Activity-Based vs. Traditional Costing
Costing is used in business accounting strategies as a way of determining the cost of manufacturing a product in relation to the revenue generated by that product. Costing systems determine the overhead of production and then allocate those overhead costs to a business’ products.
There are two common methods for allocating these indirect costs to products. Both of these methods assess overhead costs and then attach these costs to products based on certain cost drivers. A cost driver is any component that costs money or any factor that is related to a cost occurring, such as the volume produced or the number of labor hours.
The first of these methods is activity-based costing, which is sometimes referred to as "ABC." Activity-based costing determines all activities associated with production, assigns a cost to those activities and then determines the cost of the product.
The other method is traditional costing, which assigns costs to products based on an average overhead rate. This method pools all indirect costs in production and applies those costs equally across the board using one appropriate cost driver, such as machine hours.
ABC vs. Traditional
Activity-based costing is more accurate because it takes important factors into account before assigning a cost to a product. However, for this same reason, it is a bit more complicated and time-consuming. It's also more thorough and considers nonmanufacturing expenses as well, such as administrative and managerial costs.
Traditional costing is a much easier way of determining the cost of a product, since it relies solely on assigning average overhead rates. This also means it won’t always be as accurate, because it doesn’t factor in nonmanufacturing expenses or determine which overhead costs actually affect specific products.

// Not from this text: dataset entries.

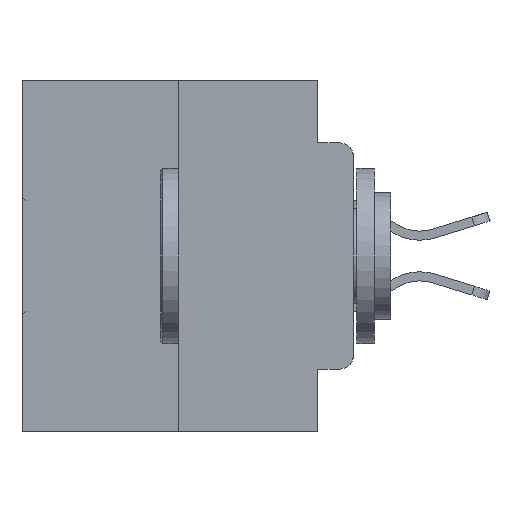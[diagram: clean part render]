
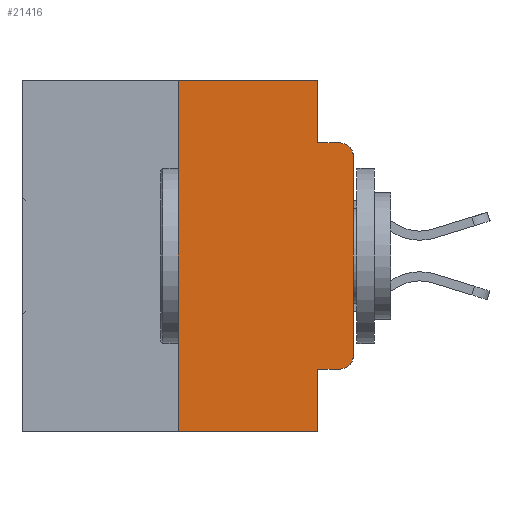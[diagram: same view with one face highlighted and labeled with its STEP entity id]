
A CAD part, left-side view. The second image highlights one B-rep face of the part: STEP entity #21416.
In plain terms, the highlighted planar face has unit normal (-1, 0, 0).
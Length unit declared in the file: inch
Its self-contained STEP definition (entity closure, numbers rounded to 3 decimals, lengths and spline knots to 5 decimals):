
#50 = VERTEX_POINT ( 'NONE', #23731 ) ;
#209 = CARTESIAN_POINT ( 'NONE',  ( 0., 0.473, 0. ) ) ;
#448 = VECTOR ( 'NONE', #24025, 39.37008 ) ;
#462 = VERTEX_POINT ( 'NONE', #11290 ) ;
#1219 = EDGE_CURVE ( 'NONE', #462, #26315, #10173, .T. ) ;
#1598 = DIRECTION ( 'NONE',  ( 0., -1., 0. ) ) ;
#1837 = ORIENTED_EDGE ( 'NONE', *, *, #2293, .T. ) ;
#1906 = DIRECTION ( 'NONE',  ( 0., 0., -1. ) ) ;
#2217 = AXIS2_PLACEMENT_3D ( 'NONE', #29893, #30218, #27371 ) ;
#2293 = EDGE_CURVE ( 'NONE', #6665, #21549, #29026, .T. ) ;
#3620 = ORIENTED_EDGE ( 'NONE', *, *, #1219, .F. ) ;
#3746 = VERTEX_POINT ( 'NONE', #14396 ) ;
#3793 = LINE ( 'NONE', #19132, #18523 ) ;
#4265 = CARTESIAN_POINT ( 'NONE',  ( 0., 0.051, 0. ) ) ;
#5379 = VERTEX_POINT ( 'NONE', #6114 ) ;
#6042 = CARTESIAN_POINT ( 'NONE',  ( 0., 0.051, -0.0885 ) ) ;
#6114 = CARTESIAN_POINT ( 'NONE',  ( 0., 0.051, -0.0885 ) ) ;
#6170 = ORIENTED_EDGE ( 'NONE', *, *, #21737, .F. ) ;
#6279 = VERTEX_POINT ( 'NONE', #14280 ) ;
#6557 = VECTOR ( 'NONE', #1906, 39.37008 ) ;
#6665 = VERTEX_POINT ( 'NONE', #32765 ) ;
#7209 = DIRECTION ( 'NONE',  ( 1., 0., 0. ) ) ;
#7299 = DIRECTION ( 'NONE',  ( 0., 0., 1. ) ) ;
#7998 = EDGE_CURVE ( 'NONE', #24279, #462, #14562, .T. ) ;
#10173 = LINE ( 'NONE', #209, #28195 ) ;
#11046 = ORIENTED_EDGE ( 'NONE', *, *, #17782, .T. ) ;
#11290 = CARTESIAN_POINT ( 'NONE',  ( 0., 0.25, 0. ) ) ;
#11736 = DIRECTION ( 'NONE',  ( 0., 0., -1. ) ) ;
#12745 = CARTESIAN_POINT ( 'NONE',  ( 0., 0.473, 0. ) ) ;
#12914 = DIRECTION ( 'NONE',  ( 0., 0., -1. ) ) ;
#13595 = CARTESIAN_POINT ( 'NONE',  ( 0., 0.051, 0. ) ) ;
#13771 = CARTESIAN_POINT ( 'NONE',  ( 0., 0.051, -0.4115 ) ) ;
#14280 = CARTESIAN_POINT ( 'NONE',  ( 0., 0., -0.3915 ) ) ;
#14396 = CARTESIAN_POINT ( 'NONE',  ( 0., 0.051, -0.5 ) ) ;
#14562 = LINE ( 'NONE', #28083, #26976 ) ;
#15097 = CARTESIAN_POINT ( 'NONE',  ( 0., 0.02, -0.4115 ) ) ;
#16140 = LINE ( 'NONE', #6042, #448 ) ;
#16457 = DIRECTION ( 'NONE',  ( 0., -1., 0. ) ) ;
#16849 = AXIS2_PLACEMENT_3D ( 'NONE', #12745, #7209, #28000 ) ;
#17782 = EDGE_CURVE ( 'NONE', #23961, #50, #17808, .T. ) ;
#17808 = CIRCLE ( 'NONE', #2217, 0.02 ) ;
#18523 = VECTOR ( 'NONE', #11736, 39.37008 ) ;
#19132 = CARTESIAN_POINT ( 'NONE',  ( 0., 0.051, 0. ) ) ;
#19548 = ORIENTED_EDGE ( 'NONE', *, *, #28851, .T. ) ;
#19754 = LINE ( 'NONE', #4265, #6557 ) ;
#20074 = LINE ( 'NONE', #30285, #29089 ) ;
#20169 = DIRECTION ( 'NONE',  ( -1., 0., 0. ) ) ;
#20208 = CARTESIAN_POINT ( 'NONE',  ( 0., 0.25, -0.5 ) ) ;
#20231 = DIRECTION ( 'NONE',  ( 0., 0., 1. ) ) ;
#20655 = CARTESIAN_POINT ( 'NONE',  ( 0., 0.02, -0.3915 ) ) ;
#20685 = ORIENTED_EDGE ( 'NONE', *, *, #26865, .T. ) ;
#21416 = ADVANCED_FACE ( 'NONE', ( #33026 ), #26590, .F. ) ;
#21549 = VERTEX_POINT ( 'NONE', #15097 ) ;
#21737 = EDGE_CURVE ( 'NONE', #6665, #3746, #3793, .T. ) ;
#22428 = EDGE_LOOP ( 'NONE', ( #25253, #11046, #31759, #28918, #3620, #29573, #20685, #6170, #1837, #19548 ) ) ;
#22496 = AXIS2_PLACEMENT_3D ( 'NONE', #20655, #20169, #12914 ) ;
#23545 = CIRCLE ( 'NONE', #22496, 0.02 ) ;
#23731 = CARTESIAN_POINT ( 'NONE',  ( 0., 0.02, -0.0885 ) ) ;
#23961 = VERTEX_POINT ( 'NONE', #31440 ) ;
#24025 = DIRECTION ( 'NONE',  ( 0., -1., 0. ) ) ;
#24077 = VECTOR ( 'NONE', #1598, 39.37008 ) ;
#24279 = VERTEX_POINT ( 'NONE', #20208 ) ;
#25253 = ORIENTED_EDGE ( 'NONE', *, *, #31901, .T. ) ;
#26315 = VERTEX_POINT ( 'NONE', #13595 ) ;
#26590 = PLANE ( 'NONE',  #16849 ) ;
#26796 = LINE ( 'NONE', #31819, #24077 ) ;
#26865 = EDGE_CURVE ( 'NONE', #24279, #3746, #26796, .T. ) ;
#26976 = VECTOR ( 'NONE', #20231, 39.37008 ) ;
#27371 = DIRECTION ( 'NONE',  ( 0., 0., -1. ) ) ;
#28000 = DIRECTION ( 'NONE',  ( 0., 0., -1. ) ) ;
#28083 = CARTESIAN_POINT ( 'NONE',  ( 0., 0.25, 0. ) ) ;
#28195 = VECTOR ( 'NONE', #28278, 39.37008 ) ;
#28278 = DIRECTION ( 'NONE',  ( 0., -1., 0. ) ) ;
#28653 = EDGE_CURVE ( 'NONE', #5379, #50, #16140, .T. ) ;
#28851 = EDGE_CURVE ( 'NONE', #21549, #6279, #23545, .T. ) ;
#28918 = ORIENTED_EDGE ( 'NONE', *, *, #31742, .F. ) ;
#29021 = VECTOR ( 'NONE', #16457, 39.37008 ) ;
#29026 = LINE ( 'NONE', #13771, #29021 ) ;
#29089 = VECTOR ( 'NONE', #7299, 39.37008 ) ;
#29573 = ORIENTED_EDGE ( 'NONE', *, *, #7998, .F. ) ;
#29893 = CARTESIAN_POINT ( 'NONE',  ( 0., 0.02, -0.1085 ) ) ;
#30218 = DIRECTION ( 'NONE',  ( -1., 0., 0. ) ) ;
#30285 = CARTESIAN_POINT ( 'NONE',  ( 0., 0., 0. ) ) ;
#31440 = CARTESIAN_POINT ( 'NONE',  ( 0., 0., -0.1085 ) ) ;
#31742 = EDGE_CURVE ( 'NONE', #26315, #5379, #19754, .T. ) ;
#31759 = ORIENTED_EDGE ( 'NONE', *, *, #28653, .F. ) ;
#31819 = CARTESIAN_POINT ( 'NONE',  ( 0., 0.473, -0.5 ) ) ;
#31901 = EDGE_CURVE ( 'NONE', #6279, #23961, #20074, .T. ) ;
#32765 = CARTESIAN_POINT ( 'NONE',  ( 0., 0.051, -0.4115 ) ) ;
#33026 = FACE_OUTER_BOUND ( 'NONE', #22428, .T. ) ;

A simple example of these costing methods can be demonstrated with the costs of living in an apartment with roommates. Two roommates in an apartment will typically split the costs of rent, utilities and groceries, and they have a couple of options for doing so. They could simply total the cost of all of the bills and divide it exactly in two. This would be similar to traditional costing.
The roommates also have the option of determining who uses specific utilities and paying only for what each one uses. They can then create an itemized bill for each roommate. For example, if one roommate doesn’t use the internet and the other doesn’t use cable, they won’t have to pay those parts of the bill. This method is similar to activity-based costing.
Which Should You Use?
Both forms of costing have various benefits as well as disadvantages. Determine which form of costing will be best suited for your project by considering your specific needs and your timeframe.
Activity-based costing should be used when accuracy is crucial, because it is the most precise. Although it is costly to implement, it should be used for:
- Times when overhead is high, because small changes in each product cost can make a large difference overall. This method makes it easy to visualize and understand all indirect costs and activities.
- Internal use, because decision-makers will be able to see all relevant spending and can document all indirect costs accurately. This method is good for finding areas of wasteful spending.
Traditional costing should be considered when time is limited or when accuracy won’t be affected much by production activities. Traditional costing is most effective for:
- Times when overhead is low compared to the direct costs, because this is when it will be the most accurate. This works well when there are a large number of similar items (or a single item) being produced.
- External use, because it will be easier for outsiders to determine the value of products.
Choosing appropriately between activity-based and traditional costing methods won’t be easy, but it’s a decision that shouldn’t be neglected. Taking the time to understand how each method affects your business could help you save money in the long run, leaving you with extra money to reinvest where you see fit.